→ Requirement: Skip pictures in the listing below; copy exactly the lines from the one with "line L0 (5, -10) -> (5, 0) construction" through the one with "line L5 (-18.161, -5.08)", inclusive.

→ Data for analysis:
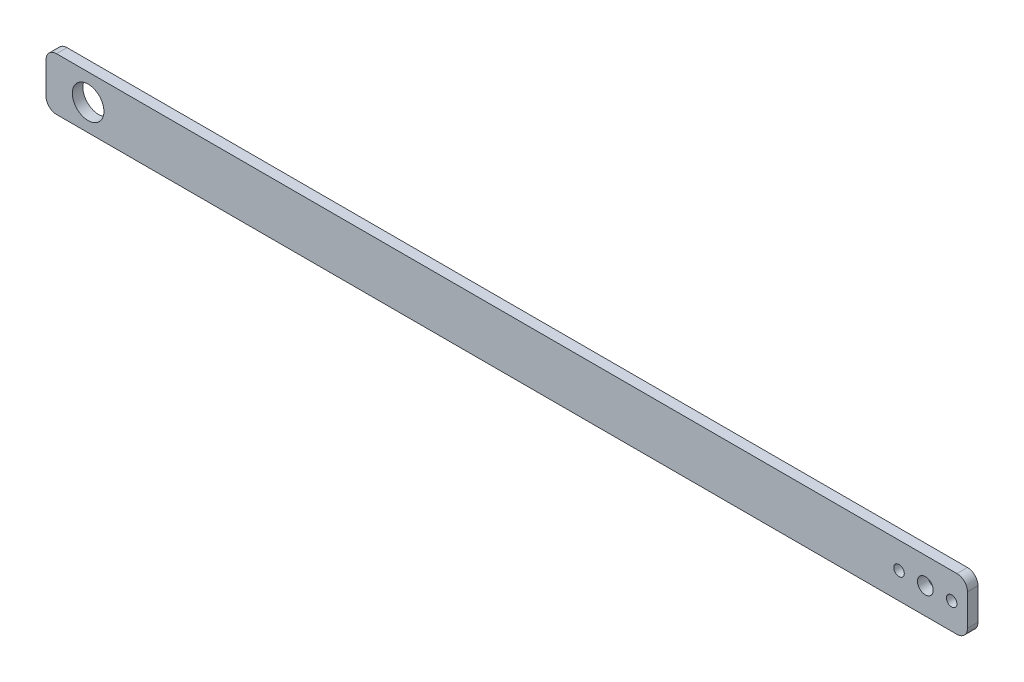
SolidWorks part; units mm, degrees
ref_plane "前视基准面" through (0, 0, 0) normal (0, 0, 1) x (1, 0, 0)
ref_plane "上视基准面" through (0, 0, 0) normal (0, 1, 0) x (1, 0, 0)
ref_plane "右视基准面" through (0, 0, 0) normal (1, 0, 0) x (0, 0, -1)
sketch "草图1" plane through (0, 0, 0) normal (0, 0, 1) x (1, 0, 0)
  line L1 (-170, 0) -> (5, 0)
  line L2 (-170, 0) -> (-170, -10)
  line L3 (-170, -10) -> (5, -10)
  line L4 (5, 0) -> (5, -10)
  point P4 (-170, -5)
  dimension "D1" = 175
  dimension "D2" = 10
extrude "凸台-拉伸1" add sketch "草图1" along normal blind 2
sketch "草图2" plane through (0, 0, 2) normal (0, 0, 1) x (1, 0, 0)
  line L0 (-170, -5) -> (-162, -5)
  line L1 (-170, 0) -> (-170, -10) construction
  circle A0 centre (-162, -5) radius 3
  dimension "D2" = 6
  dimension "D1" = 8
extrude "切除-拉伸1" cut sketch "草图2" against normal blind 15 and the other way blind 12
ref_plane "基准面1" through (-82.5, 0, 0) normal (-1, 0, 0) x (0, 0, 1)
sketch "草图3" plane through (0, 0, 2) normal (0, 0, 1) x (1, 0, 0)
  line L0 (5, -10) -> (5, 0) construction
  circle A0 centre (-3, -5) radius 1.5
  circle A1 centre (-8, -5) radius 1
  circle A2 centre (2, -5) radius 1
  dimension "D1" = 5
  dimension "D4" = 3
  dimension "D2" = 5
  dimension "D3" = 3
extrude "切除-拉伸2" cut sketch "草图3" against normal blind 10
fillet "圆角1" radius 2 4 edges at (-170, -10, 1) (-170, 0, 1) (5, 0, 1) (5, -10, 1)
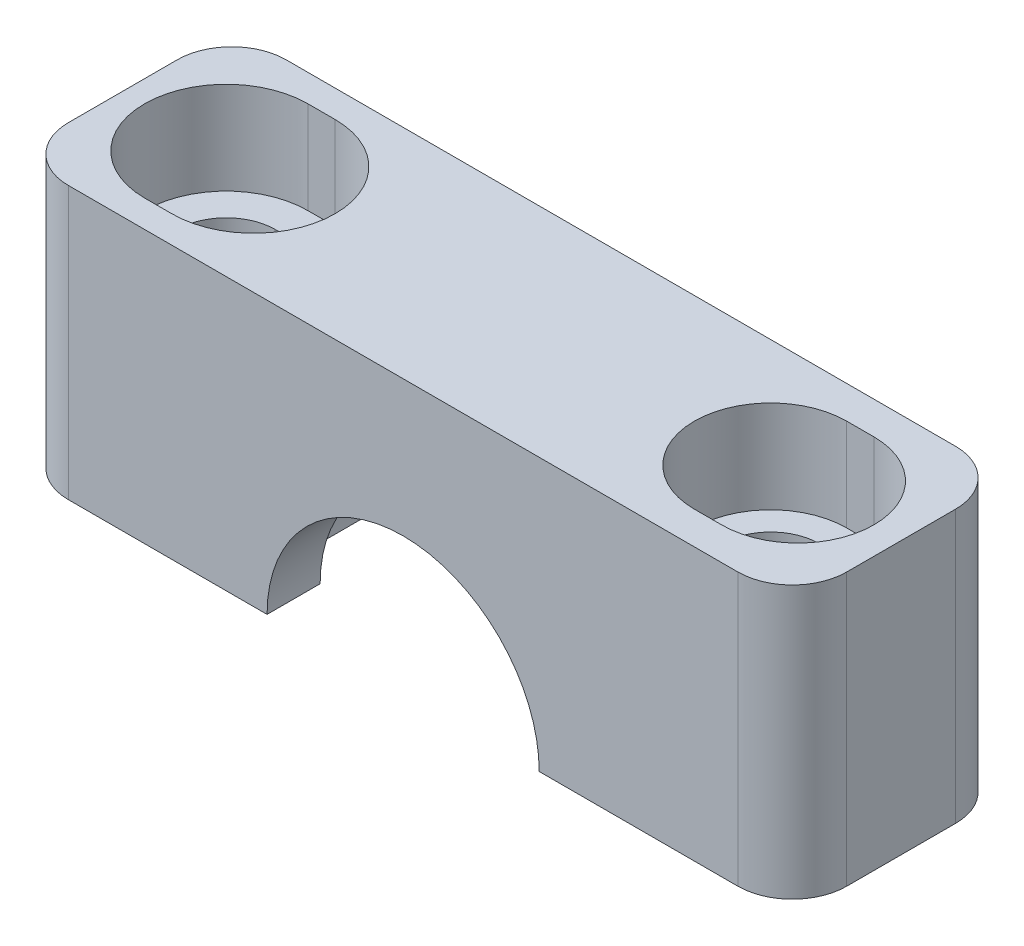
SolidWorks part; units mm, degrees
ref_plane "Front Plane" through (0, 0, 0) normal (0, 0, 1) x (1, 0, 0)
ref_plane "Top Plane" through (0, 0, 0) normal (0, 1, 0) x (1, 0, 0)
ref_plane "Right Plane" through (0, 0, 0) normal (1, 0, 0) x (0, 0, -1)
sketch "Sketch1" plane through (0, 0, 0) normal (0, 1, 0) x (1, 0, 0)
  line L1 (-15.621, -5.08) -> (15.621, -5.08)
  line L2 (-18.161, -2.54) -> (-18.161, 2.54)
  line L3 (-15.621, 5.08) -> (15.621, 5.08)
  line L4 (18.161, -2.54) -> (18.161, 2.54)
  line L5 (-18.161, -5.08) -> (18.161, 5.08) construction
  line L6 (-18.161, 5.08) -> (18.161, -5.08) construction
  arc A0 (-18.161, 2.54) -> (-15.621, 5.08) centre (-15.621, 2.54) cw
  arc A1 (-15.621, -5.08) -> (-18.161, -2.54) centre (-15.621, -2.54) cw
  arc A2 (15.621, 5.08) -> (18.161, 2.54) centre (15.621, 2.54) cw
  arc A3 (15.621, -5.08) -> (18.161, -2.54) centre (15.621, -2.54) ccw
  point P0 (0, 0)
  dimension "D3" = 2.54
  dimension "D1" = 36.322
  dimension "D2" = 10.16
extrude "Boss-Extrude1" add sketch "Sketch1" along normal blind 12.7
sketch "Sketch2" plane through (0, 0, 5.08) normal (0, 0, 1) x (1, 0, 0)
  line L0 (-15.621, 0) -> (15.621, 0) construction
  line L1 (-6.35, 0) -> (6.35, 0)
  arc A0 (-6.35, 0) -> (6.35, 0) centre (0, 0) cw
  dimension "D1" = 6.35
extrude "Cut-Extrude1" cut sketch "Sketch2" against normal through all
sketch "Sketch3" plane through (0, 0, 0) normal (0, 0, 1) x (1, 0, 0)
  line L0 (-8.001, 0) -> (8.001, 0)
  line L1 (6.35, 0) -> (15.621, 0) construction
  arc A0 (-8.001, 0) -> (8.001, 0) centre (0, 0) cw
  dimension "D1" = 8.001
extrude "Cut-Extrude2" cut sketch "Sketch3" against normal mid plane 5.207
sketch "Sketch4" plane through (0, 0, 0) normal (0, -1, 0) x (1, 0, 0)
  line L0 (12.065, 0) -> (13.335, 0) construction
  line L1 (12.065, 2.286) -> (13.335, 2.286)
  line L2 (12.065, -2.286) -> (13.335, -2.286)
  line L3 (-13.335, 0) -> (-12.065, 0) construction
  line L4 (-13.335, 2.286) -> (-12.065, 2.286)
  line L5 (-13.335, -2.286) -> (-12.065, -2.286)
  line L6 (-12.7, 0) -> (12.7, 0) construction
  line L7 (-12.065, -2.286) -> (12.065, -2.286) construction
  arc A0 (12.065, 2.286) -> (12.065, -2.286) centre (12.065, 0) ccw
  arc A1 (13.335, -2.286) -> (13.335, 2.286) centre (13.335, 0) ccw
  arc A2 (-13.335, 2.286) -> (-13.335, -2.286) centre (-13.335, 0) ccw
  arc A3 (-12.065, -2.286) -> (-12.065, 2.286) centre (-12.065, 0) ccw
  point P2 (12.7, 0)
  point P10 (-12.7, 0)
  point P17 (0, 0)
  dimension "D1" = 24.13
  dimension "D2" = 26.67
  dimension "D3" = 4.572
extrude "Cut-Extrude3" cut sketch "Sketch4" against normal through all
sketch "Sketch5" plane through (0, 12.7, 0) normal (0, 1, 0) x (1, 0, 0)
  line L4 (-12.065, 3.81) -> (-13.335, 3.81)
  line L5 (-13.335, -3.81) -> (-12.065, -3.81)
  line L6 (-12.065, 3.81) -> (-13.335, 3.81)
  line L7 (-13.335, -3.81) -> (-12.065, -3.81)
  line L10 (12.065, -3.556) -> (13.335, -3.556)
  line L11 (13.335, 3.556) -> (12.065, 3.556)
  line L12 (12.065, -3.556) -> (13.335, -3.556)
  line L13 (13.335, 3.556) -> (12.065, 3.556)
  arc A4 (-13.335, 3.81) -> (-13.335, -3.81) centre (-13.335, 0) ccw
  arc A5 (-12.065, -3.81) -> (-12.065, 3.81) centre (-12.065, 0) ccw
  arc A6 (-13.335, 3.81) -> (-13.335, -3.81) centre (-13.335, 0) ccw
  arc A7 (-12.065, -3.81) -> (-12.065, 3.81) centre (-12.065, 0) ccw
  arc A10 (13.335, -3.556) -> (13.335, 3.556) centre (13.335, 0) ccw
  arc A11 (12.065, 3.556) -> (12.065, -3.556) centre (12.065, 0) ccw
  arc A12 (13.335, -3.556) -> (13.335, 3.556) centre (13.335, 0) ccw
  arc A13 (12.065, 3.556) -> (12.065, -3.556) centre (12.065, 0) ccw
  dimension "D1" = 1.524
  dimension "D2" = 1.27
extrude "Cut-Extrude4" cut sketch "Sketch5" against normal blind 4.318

→ Result for this task:
  line L0 (5, -10) -> (5, 0) construction
  circle A0 centre (-3, -5) radius 1.5
  circle A1 centre (-8, -5) radius 1
  circle A2 centre (2, -5) radius 1
  dimension "D1" = 5
  dimension "D4" = 3
  dimension "D2" = 5
  dimension "D3" = 3
extrude "切除-拉伸2" cut sketch "草图3" against normal blind 10
fillet "圆角1" radius 2 4 edges at (-170, -10, 1) (-170, 0, 1) (5, 0, 1) (5, -10, 1)
SolidWorks part; units mm, degrees
ref_plane "Front Plane" through (0, 0, 0) normal (0, 0, 1) x (1, 0, 0)
ref_plane "Top Plane" through (0, 0, 0) normal (0, 1, 0) x (1, 0, 0)
ref_plane "Right Plane" through (0, 0, 0) normal (1, 0, 0) x (0, 0, -1)
sketch "Sketch1" plane through (0, 0, 0) normal (0, 1, 0) x (1, 0, 0)
  line L1 (-15.621, -5.08) -> (15.621, -5.08)
  line L2 (-18.161, -2.54) -> (-18.161, 2.54)
  line L3 (-15.621, 5.08) -> (15.621, 5.08)
  line L4 (18.161, -2.54) -> (18.161, 2.54)
  line L5 (-18.161, -5.08) -> (18.161, 5.08) construction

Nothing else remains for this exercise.